Zhonghua Zhong Liu Za Zhi. 2000 Jul;22(4):315-7.
[Article in Chinese]

Abstract

Objective: To evaluate the effect of postoperative TACE for prevention and treatment of hepatocellular carcinoma (HCC) recurrence after radical resection.

Methods: From Jan. 1995 through March 1998, 109 HCC patients after radical resection were followed up with serum AFP, liver US and CT, chest X-ray film, hepatic artery angiography, etc. They were divided into 2 groups. Patients in group A (n = 68) with no residual tumor were given prophylactic TACE treatment, 1-2 times at the second and fifth month after operation. Patients in group B (n = 41) with residual tumor left were treated with regular TACE, once every 2 months. The 2 groups of patients were followed up for 6-45 months after operation.

Results: In group A, the real curative resection rate was 62.4%. Tumor recurrence was found in 10 of the 68 patients, with a total recurrence rate of 14.7% within 3 years after radical resection. The 1-, 2-, and 3-year cumulative recurrence rate was 7.4%, 13.2% and 14.7%, respectively.

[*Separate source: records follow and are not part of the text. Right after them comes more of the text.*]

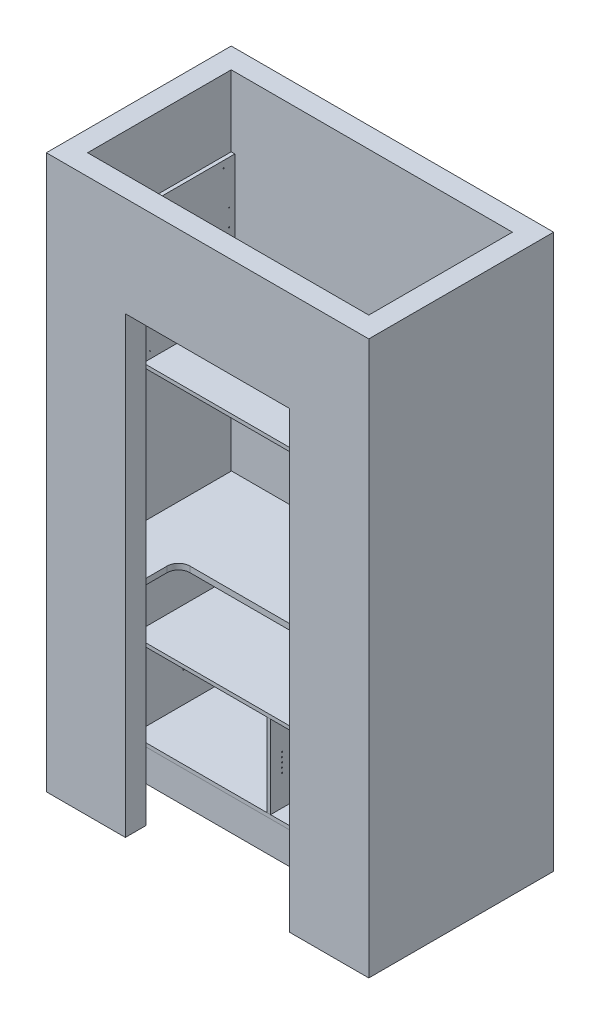
SolidWorks part; units mm, degrees
ref_plane "Front" through (0, 0, 0) normal (0, 0, 1) x (1, 0, 0)
ref_plane "Top" through (0, 0, 0) normal (0, 1, 0) x (1, 0, 0)
ref_plane "Right" through (0, 0, 0) normal (1, 0, 0) x (0, 0, -1)
sketch "Sketch1" plane through (0, 0, 0) normal (0, 1, 0) x (1, 0, 0)
  line L0 (-90, 90) -> (1317.5, 90)
  line L1 (0, 0) -> (1227.5, 0)
  line L2 (0, 0) -> (0, -627)
  line L3 (0, -627) -> (255, -627)
  line L4 (1227.5, 0) -> (1227.5, -627)
  line L5 (1317.5, 90) -> (1317.5, -717)
  line L6 (-90, -717) -> (255, -717)
  line L7 (-90, 90) -> (-90, -717)
  line L8 (255, -627) -> (255, -717)
  line L9 (972.5, -627) -> (972.5, -717)
  line L10 (972.5, -717) -> (1317.5, -717)
  line L11 (972.5, -627) -> (1227.5, -627)
  line L12 (-90, -717) -> (1317.5, -717) construction
  line L13 (255, -627) -> (972.5, -627)
  line L14 (0, -627) -> (1227.5, -627) construction
  line L15 (255, -717) -> (972.5, -717)
  dimension "D1" = 1227.5
  dimension "D2" = 627
  dimension "D4" = 255
  dimension "D5" = 255
  dimension "D3" = 90
extrude "Boss-Extrude1" add sketch "Sketch1" along normal blind 2416 contours L11 L9 L10 L5 L0 L7 L6 L8 L3 L2 L1 L4 | L8 L15 L9 L13 region at (613.75, 0, -73.7756) region at (613.75, 0, 672)
sketch "Sketch2" plane through (0, 0, 717) normal (0, 0, 1) x (1, 0, 0)
  line L0 (-90, 0) -> (1317.5, 0) construction
  line L1 (255, 0) -> (972.5, 0)
  line L2 (255, 0) -> (255, 1980)
  line L3 (255, 1980) -> (972.5, 1980)
  line L4 (972.5, 0) -> (972.5, 1980)
  line L5 (0, 2416) -> (0, 0) construction
  line L6 (1227.5, 2416) -> (1227.5, 0) construction
  dimension "D1" = 255
  dimension "D2" = 255
  dimension "D3" = 1980
  dimension "D4" = 717.5
extrude "Cut-Extrude1" cut sketch "Sketch2" against normal blind 100
sketch "Sketch4" plane through (0, 0, 0) normal (0, 0, 1) x (1, 0, 0)
  line L0 (1227.5, 2416) -> (1227.5, 0) construction
  line L5 (0, 120) -> (1227.5, 120)
  line L7 (16, 136) -> (1211.5, 136)
  line L9 (16, 513.5) -> (605.75, 513.5)
  line L11 (16, 497.5) -> (605.75, 497.5)
  line L13 (16, 875) -> (1211.5, 875)
  line L15 (16, 900) -> (1211.5, 900)
  line L21 (16, 1500) -> (1211.5, 1500)
  line L23 (16, 1516) -> (1211.5, 1516)
  line L25 (16, 1766) -> (1211.5, 1766)
  line L27 (16, 1782) -> (1211.5, 1782)
  line L37 (621.75, 513.5) -> (1211.5, 513.5)
  line L38 (621.75, 497.5) -> (1211.5, 497.5)
  line L39 (16, 1500) -> (0, 1500)
  line L40 (0, 120) -> (16, 120)
  line L41 (0, 120) -> (0, 2320)
  line L42 (598, 120) -> (613.75, 120)
  line L43 (605.75, 136) -> (605.75, 875)
  line L44 (605.75, 875) -> (614, 875)
  line L46 (614, 875) -> (621.75, 875)
  line L48 (613.75, 120) -> (630, 120)
  line L49 (621.75, 875) -> (621.75, 136)
  line L50 (0, 2320) -> (16, 2320)
  line L51 (16, 120) -> (16, 2320)
  line L52 (1211.5, 1500) -> (1227.5, 1500)
  line L54 (1227.5, 2320) -> (1227.5, 120)
  line L56 (1211.5, 2320) -> (1211.5, 120)
  line L57 (613.75, 136) -> (613.75, 171.2625) construction
  line L58 (1211.5, 2320) -> (1227.5, 2320)
  line L59 (-90, 0) -> (255, 0) construction
  line L60 (310.875, 513.5) -> (310.875, 875) construction
  line L61 (310.875, 497.5) -> (310.875, 136) construction
  dimension "D2" = 120
  dimension "D4" = 16
  dimension "D5" = 16
  dimension "D6" = 8
  dimension "D3" = 25
  dimension "D7" = 1500
  dimension "D8" = 250
  dimension "D9" = 16
  dimension "D10" = 2200
  dimension "D11" = 16
  dimension "D12" = 16
  dimension "D13" = 16
  dimension "D14" = 16
  dimension "D15" = 900
sketch "Sketch6" plane through (0, 0, 0) normal (0, 0, 1) x (1, 0, 0)
  line L0 (0, 120) -> (0, 2320) construction
  line L13 (16, 875) -> (0, 875)
  line L14 (16, 875) -> (16, 136)
  line L15 (16, 136) -> (0, 136)
  line L16 (0, 875) -> (0, 136)
  line L17 (16, 136) -> (1211.5, 136) construction
  line L18 (1227.5, 2320) -> (1227.5, 120) construction
  line L19 (1211.5, 875) -> (1227.5, 875)
  line L20 (1211.5, 875) -> (1211.5, 136)
  line L21 (1211.5, 136) -> (1227.5, 136)
  line L22 (1227.5, 875) -> (1227.5, 136)
  line L24 (605.75, 497.5) -> (621.75, 497.5)
  line L25 (605.75, 497.5) -> (605.75, 136)
  line L26 (605.75, 136) -> (621.75, 136)
  line L27 (621.75, 497.5) -> (621.75, 136)
extrude "Boss-Extrude2" add sketch "Sketch6" along normal blind 450 separate body
sketch "Sketch7" plane through (0, 0, 0) normal (0, 0, 1) x (1, 0, 0)
  line L0 (1227.5, 2320) -> (1227.5, 120) construction
  line L1 (0, 120) -> (1227.5, 120)
  line L2 (0, 120) -> (0, 136)
  line L3 (0, 136) -> (1227.5, 136)
  line L4 (1227.5, 120) -> (1227.5, 136)
  line L6 (16, 497.5) -> (16, 513.5)
  line L7 (16, 513.5) -> (1211.5, 513.5)
  line L9 (16, 497.5) -> (1211.5, 497.5)
  line L12 (1211.5, 497.5) -> (1211.5, 513.5)
  line L13 (0, 875) -> (1227.5, 875)
  line L14 (0, 875) -> (0, 900)
  line L15 (0, 900) -> (1227.5, 900)
  line L16 (1227.5, 875) -> (1227.5, 900)
  line L17 (16, 900) -> (1211.5, 900) construction
  line L19 (1211.5, 2320) -> (1211.5, 120) construction
  line L20 (16, 120) -> (16, 2320) construction
extrude "Boss-Extrude3" add sketch "Sketch7" along normal blind 450 separate body
sketch "Sketch8" plane through (0, 0, 0) normal (0, 0, 1) x (1, 0, 0)
  line L0 (0, 120) -> (0, 2320) construction
  line L1 (16, 1516) -> (0, 1516)
  line L2 (16, 1516) -> (16, 2106)
  line L3 (16, 2106) -> (0, 2106)
  line L4 (0, 1516) -> (0, 2106)
  line L5 (1227.5, 2320) -> (1227.5, 120) construction
  line L6 (1211.5, 1516) -> (1227.5, 1516)
  line L7 (1211.5, 1516) -> (1211.5, 2106)
  line L8 (1211.5, 2106) -> (1227.5, 2106)
  line L9 (1227.5, 1516) -> (1227.5, 2106)
  line L10 (16, 120) -> (16, 2320) construction
  dimension "D1" = 590
extrude "Boss-Extrude4" add sketch "Sketch8" along normal blind 400 separate body
sketch "Sketch9" plane through (0, 0, 0) normal (0, 0, 1) x (1, 0, 0)
  line L0 (1226.5, 1516) -> (1226.5, 1500)
  line L1 (16, 1782) -> (1211.5, 1782)
  line L2 (16, 1782) -> (16, 1766)
  line L3 (16, 1766) -> (1211.5, 1766)
  line L4 (1211.5, 1782) -> (1211.5, 1766)
  line L5 (1, 1516) -> (1226.5, 1516)
  line L6 (0, 1516) -> (0, 1500) construction
  line L7 (1, 1500) -> (1226.5, 1500)
  line L8 (1227.5, 1516) -> (1227.5, 1500) construction
  line L9 (1, 1516) -> (1, 1500)
  dimension "D1" = 1
  dimension "D2" = 1
extrude "Boss-Extrude5" add sketch "Sketch9" along normal blind 400 separate body
sketch "Sketch11" plane through (0, 900, 0) normal (0, 1, 0) x (1, 0, 0)
  line L0 (0, -450) -> (0, -627)
  line L1 (0, -627) -> (220, -627)
  line L2 (0, -627) -> (1227.5, -627) construction
  line L3 (220, -627) -> (220, -450)
  line L4 (1227.5, -450) -> (0, -450) construction
  line L5 (613.75, 90) -> (613.75, 254.9806) construction
  line L6 (-90, 90) -> (1317.5, 90) construction
  line L7 (0, -450) -> (220, -450)
  line L8 (1227.5, -450) -> (1007.5, -450)
  line L9 (1007.5, -627) -> (1007.5, -450)
  line L10 (1227.5, -627) -> (1007.5, -627)
  line L11 (1227.5, -450) -> (1227.5, -627)
  dimension "D1" = 220
extrude "Boss-Extrude6" add sketch "Sketch11" against normal up to surface (25 mm away) up to face at (613.75, 875, 225)
fillet "Fillet1" radius 50 2 edges at (220, 887.5, 450) (1007.5, 887.5, 450)
sketch "Sketch18" plane through (0, 120, 0) normal (0, -1, 0) x (1, 0, 0)
  line L0 (16, 0) -> (1211.5, 0) construction
  line L1 (0, 627) -> (1.25, 627)
  line L2 (0, 627) -> (0, 0)
  line L3 (0, 0) -> (1.25, 0)
  line L4 (1.25, 627) -> (1.25, 0)
  line L5 (1.25, 73.7952) -> (1226.25, 73.7952) construction
  line L6 (1227.5, 627) -> (1226.25, 627)
  line L7 (1227.5, 627) -> (1227.5, 0)
  line L8 (1227.5, 0) -> (1226.25, 0)
  line L9 (1226.25, 627) -> (1226.25, 0)
  line L10 (613.75, 73.7952) -> (613.75, -90) construction
  line L11 (-90, -90) -> (1317.5, -90) construction
  dimension "D1" = 1225
extrude "Cut-Extrude5" cut sketch "Sketch18" against normal through all
hole_wizard "Ø2.0 (2) Diameter Hole1" positions "Sketch20" profile "Sketch21" hole size "Ø2.0" standard "ISO"
sketch "Sketch20" plane through (0, 120, 0) normal (0, -1, 0) x (-1, 0, 0)
  line L1 (-645.75, -32) -> (-581.75, -32)
  line L2 (-645.75, -32) -> (-645.75, -96)
  line L3 (-645.75, -96) -> (-581.75, -96)
  line L4 (-581.75, -32) -> (-581.75, -96)
  line L7 (-613.75, -32) -> (-613.75, 0) construction
  line L8 (-1.25, 0) -> (-1226.25, 0) construction
  line L10 (0, 0) -> (-1227.5, 0) construction
  line L12 (-1176.25, -336.5) -> (-1112.25, -336.5)
  line L13 (-1176.25, -336.5) -> (-1176.25, -400.5)
  line L14 (-1176.25, -400.5) -> (-1112.25, -400.5)
  line L15 (-1112.25, -336.5) -> (-1112.25, -400.5)
  line L17 (-645.75, -336.5) -> (-581.75, -336.5)
  line L18 (-645.75, -336.5) -> (-645.75, -400.5)
  line L19 (-645.75, -400.5) -> (-581.75, -400.5)
  line L20 (-581.75, -336.5) -> (-581.75, -400.5)
  line L22 (-115.25, -336.5) -> (-51.25, -336.5)
  line L23 (-115.25, -336.5) -> (-115.25, -400.5)
  line L24 (-115.25, -400.5) -> (-51.25, -400.5)
  line L25 (-51.25, -336.5) -> (-51.25, -400.5)
  line L26 (-1226.25, -450) -> (-1226.25, 0) construction
  line L27 (-1.25, 0) -> (-1.25, -450) construction
  line L28 (-270, -450) -> (-957.5, -450) construction
  point P0 (-645.75, -32)
  point P2 (-581.75, -32)
  point P4 (-581.75, -96)
  point P6 (-645.75, -96)
  point P82 (-645.75, -400.5)
  point P84 (-645.75, -336.5)
  point P86 (-581.75, -336.5)
  point P88 (-581.75, -400.5)
  point P90 (-51.25, -400.5)
  point P92 (-51.25, -336.5)
  point P94 (-115.25, -336.5)
  point P96 (-115.25, -400.5)
  point P98 (-1176.25, -336.5)
  point P100 (-1112.25, -336.5)
  point P102 (-1112.25, -400.5)
  point P104 (-1176.25, -400.5)
  dimension "D1" = 50
  dimension "D2" = 64
  dimension "D3" = 50
  dimension "D4" = 49.5
  dimension "D5" = 64
  dimension "D6" = 32
sketch "Sketch21" plane through (645.75, 120, 32) normal (1, 0, 0) x (0, 0, -1)
  line L0 (0, 0) -> (0, 10.6009)
  line L1 (0, 10.6009) -> (1, 10)
  line L2 (1, 10) -> (1, 0)
  line L5 (1, 0) -> (0, 0)
  line L10 (0, 10.6009) -> (-1, 10) construction
  line L11 (0, -6.35) -> (0, 107.95) construction
  dimension "Hole Dia." = 2
  dimension "Hole Depth" = 10
  dimension "Drill Angle" = 118
hole_wizard "Ø2.0 (2) Diameter Hole2" positions "Sketch22" profile "Sketch23" hole size "Ø2.0" standard "ISO"
sketch "Sketch22" plane through (0, 120, 0) normal (0, -1, 0) x (-1, 0, 0)
  line L0 (-1219.5, -15) -> (-1219.5, -435) construction
  line L2 (-1227.5, 0) -> (-1227.5, -627) construction
  line L3 (0, 0) -> (0, -627) construction
  line L4 (-1.25, -450) -> (-1226.25, -450) construction
  line L5 (0, 0) -> (-1227.5, 0) construction
  line L6 (-613.75, -435) -> (-613.75, -450) construction
  line L7 (-270, -450) -> (-957.5, -450) construction
  point P0 (-1219.5, -435)
  point P2 (-1219.5, -225)
  point P4 (-1219.5, -15)
  point P6 (-613.75, -15)
  point P8 (-613.75, -225)
  point P10 (-613.75, -435)
  point P12 (-8, -15)
  point P14 (-8, -225)
  point P16 (-8, -435)
  dimension "D1" = 8
  dimension "D2" = 8
  dimension "D3" = 15
  dimension "D4" = 15
sketch "Sketch23" plane through (1219.5, 120, 435) normal (1, 0, 0) x (0, 0, -1)
  line L0 (0, 0) -> (0, 10.6009)
  line L1 (0, 10.6009) -> (1, 10)
  line L2 (1, 10) -> (1, 0)
  line L5 (1, 0) -> (0, 0)
  line L10 (0, 10.6009) -> (-1, 10) construction
  line L11 (0, -6.35) -> (0, 107.95) construction
  dimension "Hole Dia." = 2
  dimension "Hole Depth" = 10
  dimension "Drill Angle" = 118
sketch "Sketch24" plane through (0, 120, 0) normal (0, -1, 0) x (1, 0, 0)
  circle A0 centre (8, 435) radius 2.5
  circle A1 centre (8, 225) radius 2.5
  circle A2 centre (8, 15) radius 2.5
  circle A3 centre (613.75, 435) radius 2.5
  circle A4 centre (613.75, 225) radius 2.5
  circle A5 centre (613.75, 15) radius 2.5
  circle A6 centre (1219.5, 15) radius 2.5
  circle A7 centre (1219.5, 225) radius 2.5
  circle A8 centre (1219.5, 435) radius 2.5
  dimension "D1" = 5
extrude "Cut-Extrude6" cut sketch "Sketch24" against normal blind 1
sketch "Sketch25" plane through (16, 0, 0) normal (1, 0, 0) x (0, 0, -1)
  line L0 (-450, 497.5) -> (0, 497.5) construction
  line L1 (-450, 497.5) -> (0, 497.5) construction
  line L2 (-400, 497.5) -> (-50, 497.5) construction
  circle A0 centre (-400, 497.5) radius 2.5
  circle A1 centre (-50, 497.5) radius 2.5
  circle A2 centre (-225, 497.5) radius 2.5
  dimension "D1" = 5
  dimension "D2" = 350
extrude "Cut-Extrude7" cut sketch "Sketch25" against normal through all both and the other way through all
sketch "Sketch26" plane through (16, 0, 0) normal (1, 0, 0) x (0, 0, -1)
  line L0 (-400, 497.5) -> (-50, 497.5) construction
  circle A0 centre (-400, 308.75) radius 2.5
  circle A1 centre (-225, 308.75) radius 2.5
  circle A2 centre (-50, 308.75) radius 2.5
  circle A3 centre (-400, 497.5) radius 2.5 construction
  circle A4 centre (-400, 328.75) radius 2.5
  circle A5 centre (-225, 328.75) radius 2.5
  circle A6 centre (-50, 328.75) radius 2.5
  circle A7 centre (-400, 348.75) radius 2.5
  circle A8 centre (-225, 348.75) radius 2.5
  circle A9 centre (-50, 348.75) radius 2.5
  circle A10 centre (-400, 288.75) radius 2.5
  circle A11 centre (-225, 288.75) radius 2.5
  circle A12 centre (-50, 288.75) radius 2.5
  circle A13 centre (-400, 268.75) radius 2.5
  circle A14 centre (-225, 268.75) radius 2.5
  circle A15 centre (-50, 268.75) radius 2.5
  dimension "D1" = 188.75
  dimension "D2" = 3
  dimension "D3" = 3
extrude "Cut-Extrude8" cut sketch "Sketch26" against normal through all both and the other way through all
sketch "Sketch34" plane through (0, 497.5, 0) normal (0, -1, 0) x (1, 0, 0)
  line L0 (16, 450) -> (16, 0) construction
  line L1 (16, 403) -> (39.6625, 403)
  line L2 (16, 403) -> (16, 397)
  line L3 (16, 397) -> (39.6625, 397)
  line L4 (41.25, 401.4125) -> (41.25, 398.5875)
  line L15 (16, 400) -> (41.25, 400) construction
  line L16 (1.25, 0) -> (1.25, 450) construction
  line L17 (0, 400) -> (16, 400) construction
  line L18 (16, 228) -> (39.6625, 228)
  line L19 (16, 228) -> (16, 222)
  line L20 (16, 222) -> (39.6625, 222)
  line L21 (41.25, 226.4125) -> (41.25, 223.5875)
  line L22 (16, 225) -> (41.25, 225) construction
  line L23 (16, 53) -> (39.6625, 53)
  line L24 (16, 53) -> (16, 47)
  line L25 (16, 47) -> (39.6625, 47)
  line L26 (41.25, 51.4125) -> (41.25, 48.5875)
  line L27 (16, 50) -> (41.25, 50) construction
  line L28 (613.75, 435) -> (613.75, 225) construction
  line L29 (1211.5, 50) -> (1186.25, 50) construction
  line L30 (1211.5, 225) -> (1186.25, 225) construction
  line L31 (1211.5, 400) -> (1186.25, 400) construction
  line L32 (1186.25, 51.4125) -> (1186.25, 48.5875)
  line L33 (1211.5, 47) -> (1187.8375, 47)
  line L34 (1211.5, 53) -> (1211.5, 47)
  line L35 (1211.5, 53) -> (1187.8375, 53)
  line L36 (1186.25, 226.4125) -> (1186.25, 223.5875)
  line L37 (1211.5, 222) -> (1187.8375, 222)
  line L38 (1211.5, 228) -> (1211.5, 222)
  line L39 (1211.5, 228) -> (1187.8375, 228)
  line L40 (1186.25, 401.4125) -> (1186.25, 398.5875)
  line L41 (1211.5, 397) -> (1187.8375, 397)
  line L42 (1211.5, 403) -> (1211.5, 397)
  line L43 (1211.5, 403) -> (1187.8375, 403)
  arc A0 (39.6625, 397) -> (41.25, 398.5875) centre (39.6625, 398.5875) ccw
  arc A1 (39.6625, 403) -> (41.25, 401.4125) centre (39.6625, 401.4125) cw
  arc A2 (39.6625, 222) -> (41.25, 223.5875) centre (39.6625, 223.5875) ccw
  arc A3 (39.6625, 228) -> (41.25, 226.4125) centre (39.6625, 226.4125) cw
  arc A4 (39.6625, 47) -> (41.25, 48.5875) centre (39.6625, 48.5875) ccw
  arc A5 (39.6625, 53) -> (41.25, 51.4125) centre (39.6625, 51.4125) cw
  arc A6 (1187.8375, 53) -> (1186.25, 51.4125) centre (1187.8375, 51.4125) ccw
  arc A7 (1187.8375, 47) -> (1186.25, 48.5875) centre (1187.8375, 48.5875) cw
  arc A8 (1187.8375, 228) -> (1186.25, 226.4125) centre (1187.8375, 226.4125) ccw
  arc A9 (1187.8375, 222) -> (1186.25, 223.5875) centre (1187.8375, 223.5875) cw
  arc A10 (1187.8375, 403) -> (1186.25, 401.4125) centre (1187.8375, 401.4125) ccw
  arc A11 (1187.8375, 397) -> (1186.25, 398.5875) centre (1187.8375, 398.5875) cw
  point P26 (41.25, 397)
  point P29 (41.25, 403)
  point P73 (1186.25, 403)
  point P74 (1186.25, 397)
  dimension "D3" = 1.5875
  dimension "D1" = 40
  dimension "D2" = 6
  dimension "D4" = 3
extrude "Cut-Extrude9" cut sketch "Sketch34" against normal blind 3
hole_wizard "Ø2.0 (2) Diameter Hole3" positions "Sketch35" profile "Sketch36" hole size "Ø2.0" standard "ISO"
sketch "Sketch35" plane through (621.75, 0, 0) normal (1, 0, 0) x (0, 0, -1)
  line L0 (-450, 136) -> (-450, 497.5) construction
  line L1 (-450, 497.5) -> (0, 497.5) construction
  line L2 (0, 875) -> (0, 136) construction
  point P0 (-400, 481.5)
  point P7 (-100, 481.5)
  dimension "D1" = 50
  dimension "D2" = 16
  dimension "D3" = 100
sketch "Sketch36" plane through (621.75, 481.5, 400) normal (0, 1, 0) x (0, 0, -1)
  line L0 (0, 0) -> (0, 18.6009)
  line L1 (0, 18.6009) -> (1, 18)
  line L2 (1, 18) -> (1, 0)
  line L5 (1, 0) -> (0, 0)
  line L10 (0, 18.6009) -> (-1, 18) construction
  line L11 (0, -6.35) -> (0, 107.95) construction
  dimension "Hole Dia." = 2
  dimension "Hole Depth" = 18
  dimension "Drill Angle" = 118
hole_wizard "Ø2.0 (2) Diameter Hole4" positions "Sketch37" profile "Sketch38" hole size "Ø2.0" standard "ISO" end condition through all
sketch "Sketch37" plane through (1317.5, 0, 0) normal (1, 0, 0) x (0, 0, -1)
  line L0 (-450, 136) -> (-450, 875) construction
  line L1 (0, 120) -> (0, 2320) construction
  line L2 (-450, 875) -> (0, 875) construction
  line L3 (-450, 136) -> (0, 136) construction
  point P0 (-425, 171)
  point P2 (-425, 471)
  point P4 (-425, 825)
  point P6 (-50, 825)
  point P10 (-50, 171)
  dimension "D1" = 25
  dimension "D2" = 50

The 1-, 2-, and 3-year survival rate was 100%, 93.4% and 85.7%, respectively, while that in group B was 78.1%, 57.7% and 57.7%, respectively. The differences between the 2 groups of patients were statistically significant. The predictive pathological factors hampering completeness of tumor resection were: tumor size > 5 cm, more than 2 tumor nodules, the presence of satellite nodules, tumor with partial or without encapsulation and tumor thrombus in portal vein. Hepatic artery angiography with LP-CT and maintenance of high serum AFP level were the most sensitive methods for detecting residual tumor after operation.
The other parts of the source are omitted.